▸ **EXERCISE AIM**
Word for word, restate the listing that follows and leave out the images.

*** Opening SUPPLIED RECORDS ***

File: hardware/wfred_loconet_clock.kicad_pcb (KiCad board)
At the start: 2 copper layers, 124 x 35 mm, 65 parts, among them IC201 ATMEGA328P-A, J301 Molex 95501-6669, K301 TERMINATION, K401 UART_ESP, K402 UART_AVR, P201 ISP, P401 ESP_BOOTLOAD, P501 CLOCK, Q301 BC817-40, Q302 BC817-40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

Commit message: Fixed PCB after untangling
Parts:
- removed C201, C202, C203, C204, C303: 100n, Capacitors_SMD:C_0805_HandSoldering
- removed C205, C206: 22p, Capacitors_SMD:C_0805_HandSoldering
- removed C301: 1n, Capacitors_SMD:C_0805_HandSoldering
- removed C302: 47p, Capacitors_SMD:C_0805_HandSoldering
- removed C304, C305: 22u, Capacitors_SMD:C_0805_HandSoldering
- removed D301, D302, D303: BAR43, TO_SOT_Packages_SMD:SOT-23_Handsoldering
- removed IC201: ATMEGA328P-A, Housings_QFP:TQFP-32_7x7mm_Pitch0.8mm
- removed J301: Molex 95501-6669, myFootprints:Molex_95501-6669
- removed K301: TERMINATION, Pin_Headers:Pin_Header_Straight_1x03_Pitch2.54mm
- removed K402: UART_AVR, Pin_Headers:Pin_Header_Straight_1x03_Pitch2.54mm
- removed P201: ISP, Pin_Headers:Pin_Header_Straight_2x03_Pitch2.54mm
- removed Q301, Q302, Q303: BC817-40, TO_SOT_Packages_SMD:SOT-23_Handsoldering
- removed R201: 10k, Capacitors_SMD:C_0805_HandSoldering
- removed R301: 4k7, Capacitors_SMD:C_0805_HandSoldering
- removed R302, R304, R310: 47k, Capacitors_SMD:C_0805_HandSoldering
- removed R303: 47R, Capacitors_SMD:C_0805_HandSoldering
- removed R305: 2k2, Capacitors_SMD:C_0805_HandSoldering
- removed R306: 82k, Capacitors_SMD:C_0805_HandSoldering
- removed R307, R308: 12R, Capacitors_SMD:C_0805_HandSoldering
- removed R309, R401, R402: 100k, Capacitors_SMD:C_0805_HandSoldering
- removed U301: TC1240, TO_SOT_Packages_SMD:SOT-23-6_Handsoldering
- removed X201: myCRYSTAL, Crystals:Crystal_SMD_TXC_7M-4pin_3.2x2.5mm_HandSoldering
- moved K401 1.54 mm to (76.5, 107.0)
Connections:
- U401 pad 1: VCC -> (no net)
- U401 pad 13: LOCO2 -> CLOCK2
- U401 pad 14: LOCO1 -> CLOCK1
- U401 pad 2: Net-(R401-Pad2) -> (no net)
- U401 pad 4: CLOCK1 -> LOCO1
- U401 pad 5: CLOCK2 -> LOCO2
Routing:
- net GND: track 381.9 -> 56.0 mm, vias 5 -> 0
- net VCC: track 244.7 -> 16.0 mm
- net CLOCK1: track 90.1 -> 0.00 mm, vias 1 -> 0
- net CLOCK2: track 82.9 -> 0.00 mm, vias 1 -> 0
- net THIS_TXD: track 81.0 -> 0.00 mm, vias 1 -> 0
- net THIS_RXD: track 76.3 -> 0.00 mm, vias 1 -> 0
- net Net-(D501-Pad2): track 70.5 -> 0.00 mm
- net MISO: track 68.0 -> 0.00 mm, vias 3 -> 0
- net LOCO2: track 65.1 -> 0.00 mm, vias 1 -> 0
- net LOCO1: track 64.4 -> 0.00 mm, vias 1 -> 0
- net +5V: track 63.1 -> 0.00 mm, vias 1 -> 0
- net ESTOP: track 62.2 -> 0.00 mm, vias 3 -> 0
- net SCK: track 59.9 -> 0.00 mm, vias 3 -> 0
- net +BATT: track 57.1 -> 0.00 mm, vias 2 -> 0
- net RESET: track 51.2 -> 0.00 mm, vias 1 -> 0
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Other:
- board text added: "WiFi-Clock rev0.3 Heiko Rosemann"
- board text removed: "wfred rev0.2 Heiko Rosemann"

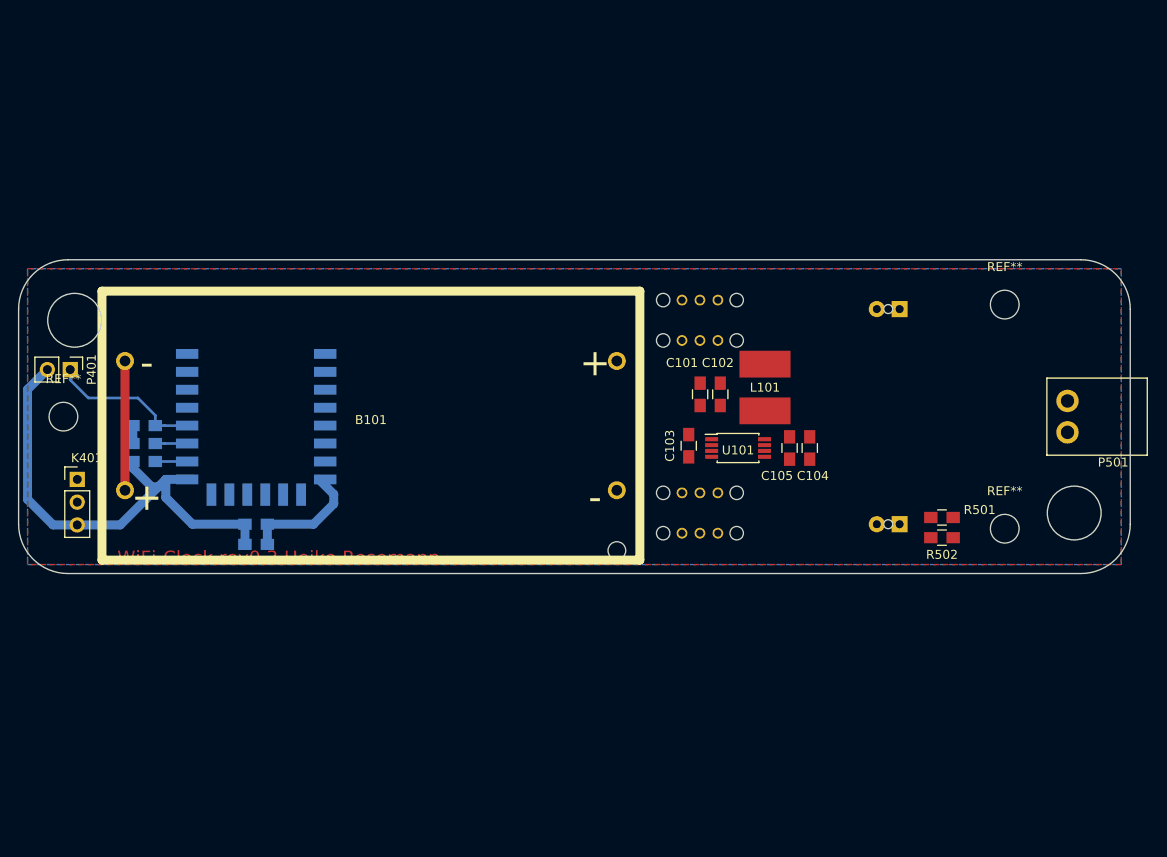
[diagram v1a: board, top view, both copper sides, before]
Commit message: Change clock schematic and PCB
- Remove slide switches, replace with single push button
- Add status LED
- Re-add battery measurement connection

- Change PCB form factor to fit NewAgeEnclosures Compact AA housing
- Re-layout PCB
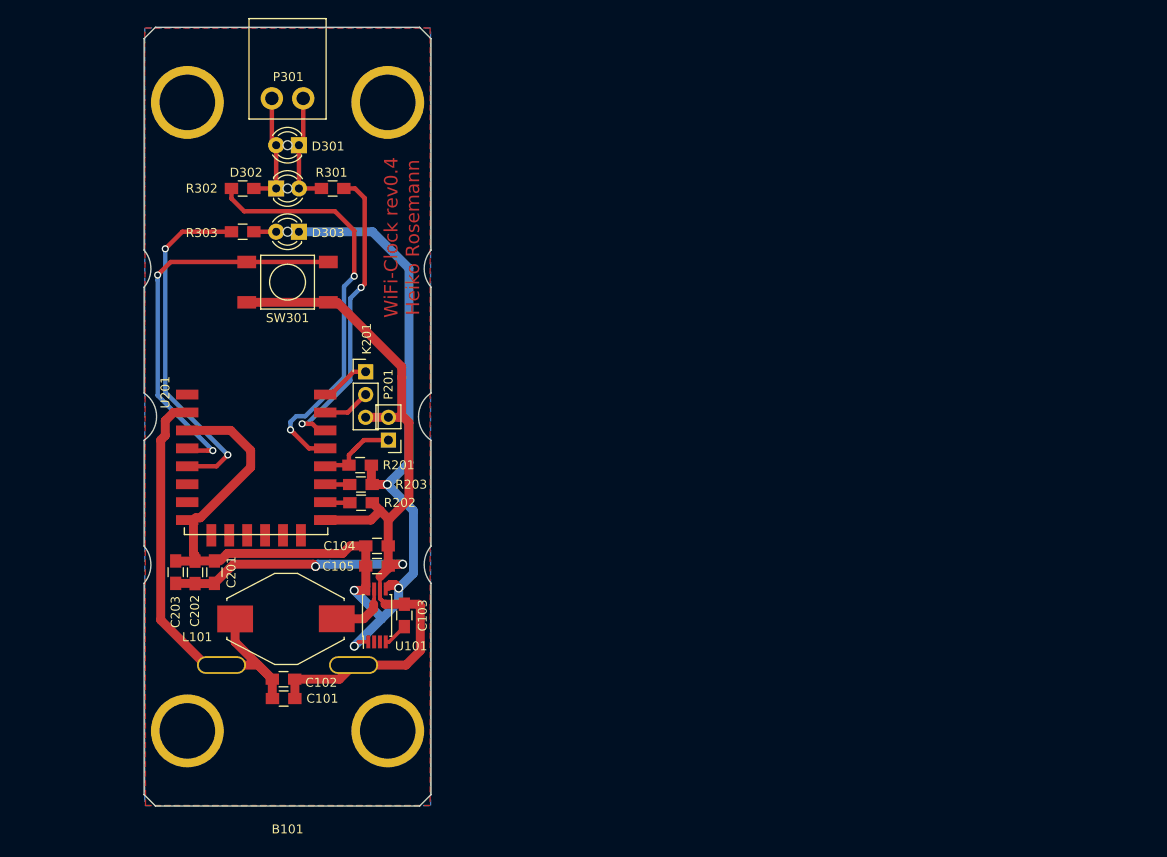
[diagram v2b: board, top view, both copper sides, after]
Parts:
- removed C401: 100n, Capacitors_SMD:C_0805_HandSoldering
- removed C402: 22u, Capacitors_SMD:C_0805_HandSoldering
- removed D501, D502: red, myFootprints:LED_D3.0mm
- removed K401: UART_ESP, Pin_Headers:Pin_Header_Straight_1x03_Pitch2.54mm
- removed P401: ESP_BOOTLOAD, Pin_Headers:Pin_Header_Straight_1x02_Pitch2.54mm
- removed P501: CLOCK, myFootprints:AKL183-02
- removed R403, R404, R405: 10k, Capacitors_SMD:C_0805_HandSoldering
- removed R501, R502: 220, Capacitors_SMD:C_0805_HandSoldering
- removed REF** (x3): MountingHole_3.2mm_M3, Mounting_Holes:MountingHole_3.2mm_M3
- removed SW501, SW502, SW503, SW504: SWITCH_INV, myFootprints:OS102011MS2Q
- removed U401: ESP-12E, ESP8266:ESP-12E_SMD
- added C201: 100n, Capacitors_SMD:C_0805_HandSoldering, F.Cu at (91.8, 117.3)
- added C202: 22u, Capacitors_SMD:C_0805_HandSoldering, F.Cu at (89.7, 117.4)
- added C203: 100u, Capacitors_SMD:C_0805_HandSoldering, F.Cu at (87.5, 117.3)
- added D301: red, myFootprints:LED_D3.0mm, F.Cu at (101.3, 69.7)
- added D302: red, myFootprints:LED_D3.0mm, F.Cu at (98.7, 74.5)
- added D303: red, myFootprints:LED_D3.0mm, F.Cu at (101.3, 79.4)
- added K201: UART_ESP, Pin_Headers:Pin_Header_Straight_1x03_Pitch2.54mm, F.Cu at (108.7, 95.0)
- added P201: ESP_BOOTLOAD, Pin_Headers:Pin_Header_Straight_1x02_Pitch2.54mm, F.Cu at (111.3, 102.6)
- added P301: CLOCK, myFootprints:AKL183-02, F.Cu at (101.8, 64.5)
- added R201: 10k, Capacitors_SMD:C_0805_HandSoldering, F.Cu at (108.1, 105.4)
- added R202: 10k, Capacitors_SMD:C_0805_HandSoldering, F.Cu at (108.2, 109.6)
- added R203: 10k, Capacitors_SMD:C_0805_HandSoldering, F.Cu at (108.2, 107.6)
- added R301: 220, Capacitors_SMD:C_0805_HandSoldering, F.Cu at (105.0, 74.5)
- added R302: 220, Capacitors_SMD:C_0805_HandSoldering, F.Cu at (95.0, 74.5)
- added R303: 330, Capacitors_SMD:C_0805_HandSoldering, F.Cu at (95.0, 79.4)
- added SW301: SW_PUSH, myFootprints:Taster_9319, F.Cu at (100.0, 85.0)
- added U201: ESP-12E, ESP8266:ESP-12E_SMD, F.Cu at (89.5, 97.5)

*** Closing SUPPLIED RECORDS ***

▸ **FINAL ANSWER**
File: hardware/wfred_loconet_clock.kicad_pcb (KiCad board)
At the start: 2 copper layers, 124 x 35 mm, 65 parts, among them IC201 ATMEGA328P-A, J301 Molex 95501-6669, K301 TERMINATION, K401 UART_ESP, K402 UART_AVR, P201 ISP, P401 ESP_BOOTLOAD, P501 CLOCK, Q301 BC817-40, Q302 BC817-40

Commit message: Fixed PCB after untangling
Parts:
- removed C201, C202, C203, C204, C303: 100n, Capacitors_SMD:C_0805_HandSoldering
- removed C205, C206: 22p, Capacitors_SMD:C_0805_HandSoldering
- removed C301: 1n, Capacitors_SMD:C_0805_HandSoldering
- removed C302: 47p, Capacitors_SMD:C_0805_HandSoldering
- removed C304, C305: 22u, Capacitors_SMD:C_0805_HandSoldering
- removed D301, D302, D303: BAR43, TO_SOT_Packages_SMD:SOT-23_Handsoldering
- removed IC201: ATMEGA328P-A, Housings_QFP:TQFP-32_7x7mm_Pitch0.8mm
- removed J301: Molex 95501-6669, myFootprints:Molex_95501-6669
- removed K301: TERMINATION, Pin_Headers:Pin_Header_Straight_1x03_Pitch2.54mm
- removed K402: UART_AVR, Pin_Headers:Pin_Header_Straight_1x03_Pitch2.54mm
- removed P201: ISP, Pin_Headers:Pin_Header_Straight_2x03_Pitch2.54mm
- removed Q301, Q302, Q303: BC817-40, TO_SOT_Packages_SMD:SOT-23_Handsoldering
- removed R201: 10k, Capacitors_SMD:C_0805_HandSoldering
- removed R301: 4k7, Capacitors_SMD:C_0805_HandSoldering
- removed R302, R304, R310: 47k, Capacitors_SMD:C_0805_HandSoldering
- removed R303: 47R, Capacitors_SMD:C_0805_HandSoldering
- removed R305: 2k2, Capacitors_SMD:C_0805_HandSoldering
- removed R306: 82k, Capacitors_SMD:C_0805_HandSoldering
- removed R307, R308: 12R, Capacitors_SMD:C_0805_HandSoldering
- removed R309, R401, R402: 100k, Capacitors_SMD:C_0805_HandSoldering
- removed U301: TC1240, TO_SOT_Packages_SMD:SOT-23-6_Handsoldering
- removed X201: myCRYSTAL, Crystals:Crystal_SMD_TXC_7M-4pin_3.2x2.5mm_HandSoldering
- moved K401 1.54 mm to (76.5, 107.0)
Connections:
- U401 pad 1: VCC -> (no net)
- U401 pad 13: LOCO2 -> CLOCK2
- U401 pad 14: LOCO1 -> CLOCK1
- U401 pad 2: Net-(R401-Pad2) -> (no net)
- U401 pad 4: CLOCK1 -> LOCO1
- U401 pad 5: CLOCK2 -> LOCO2
Routing:
- net GND: track 381.9 -> 56.0 mm, vias 5 -> 0
- net VCC: track 244.7 -> 16.0 mm
- net CLOCK1: track 90.1 -> 0.00 mm, vias 1 -> 0
- net CLOCK2: track 82.9 -> 0.00 mm, vias 1 -> 0
- net THIS_TXD: track 81.0 -> 0.00 mm, vias 1 -> 0
- net THIS_RXD: track 76.3 -> 0.00 mm, vias 1 -> 0
- net Net-(D501-Pad2): track 70.5 -> 0.00 mm
- net MISO: track 68.0 -> 0.00 mm, vias 3 -> 0
- net LOCO2: track 65.1 -> 0.00 mm, vias 1 -> 0
- net LOCO1: track 64.4 -> 0.00 mm, vias 1 -> 0
- net +5V: track 63.1 -> 0.00 mm, vias 1 -> 0
- net ESTOP: track 62.2 -> 0.00 mm, vias 3 -> 0
- net SCK: track 59.9 -> 0.00 mm, vias 3 -> 0
- net +BATT: track 57.1 -> 0.00 mm, vias 2 -> 0
- net RESET: track 51.2 -> 0.00 mm, vias 1 -> 0
Other:
- board text added: "WiFi-Clock rev0.3 Heiko Rosemann"
- board text removed: "wfred rev0.2 Heiko Rosemann"

[diagram v1a: board, top view, both copper sides, before]
Commit message: Change clock schematic and PCB
- Remove slide switches, replace with single push button
- Add status LED
- Re-add battery measurement connection

- Change PCB form factor to fit NewAgeEnclosures Compact AA housing
- Re-layout PCB
[diagram v2b: board, top view, both copper sides, after]
Parts:
- removed C401: 100n, Capacitors_SMD:C_0805_HandSoldering
- removed C402: 22u, Capacitors_SMD:C_0805_HandSoldering
- removed D501, D502: red, myFootprints:LED_D3.0mm
- removed K401: UART_ESP, Pin_Headers:Pin_Header_Straight_1x03_Pitch2.54mm
- removed P401: ESP_BOOTLOAD, Pin_Headers:Pin_Header_Straight_1x02_Pitch2.54mm
- removed P501: CLOCK, myFootprints:AKL183-02
- removed R403, R404, R405: 10k, Capacitors_SMD:C_0805_HandSoldering
- removed R501, R502: 220, Capacitors_SMD:C_0805_HandSoldering
- removed REF** (x3): MountingHole_3.2mm_M3, Mounting_Holes:MountingHole_3.2mm_M3
- removed SW501, SW502, SW503, SW504: SWITCH_INV, myFootprints:OS102011MS2Q
- removed U401: ESP-12E, ESP8266:ESP-12E_SMD
- added C201: 100n, Capacitors_SMD:C_0805_HandSoldering, F.Cu at (91.8, 117.3)
- added C202: 22u, Capacitors_SMD:C_0805_HandSoldering, F.Cu at (89.7, 117.4)
- added C203: 100u, Capacitors_SMD:C_0805_HandSoldering, F.Cu at (87.5, 117.3)
- added D301: red, myFootprints:LED_D3.0mm, F.Cu at (101.3, 69.7)
- added D302: red, myFootprints:LED_D3.0mm, F.Cu at (98.7, 74.5)
- added D303: red, myFootprints:LED_D3.0mm, F.Cu at (101.3, 79.4)
- added K201: UART_ESP, Pin_Headers:Pin_Header_Straight_1x03_Pitch2.54mm, F.Cu at (108.7, 95.0)
- added P201: ESP_BOOTLOAD, Pin_Headers:Pin_Header_Straight_1x02_Pitch2.54mm, F.Cu at (111.3, 102.6)
- added P301: CLOCK, myFootprints:AKL183-02, F.Cu at (101.8, 64.5)
- added R201: 10k, Capacitors_SMD:C_0805_HandSoldering, F.Cu at (108.1, 105.4)
- added R202: 10k, Capacitors_SMD:C_0805_HandSoldering, F.Cu at (108.2, 109.6)
- added R203: 10k, Capacitors_SMD:C_0805_HandSoldering, F.Cu at (108.2, 107.6)
- added R301: 220, Capacitors_SMD:C_0805_HandSoldering, F.Cu at (105.0, 74.5)
- added R302: 220, Capacitors_SMD:C_0805_HandSoldering, F.Cu at (95.0, 74.5)
- added R303: 330, Capacitors_SMD:C_0805_HandSoldering, F.Cu at (95.0, 79.4)
- added SW301: SW_PUSH, myFootprints:Taster_9319, F.Cu at (100.0, 85.0)
- added U201: ESP-12E, ESP8266:ESP-12E_SMD, F.Cu at (89.5, 97.5)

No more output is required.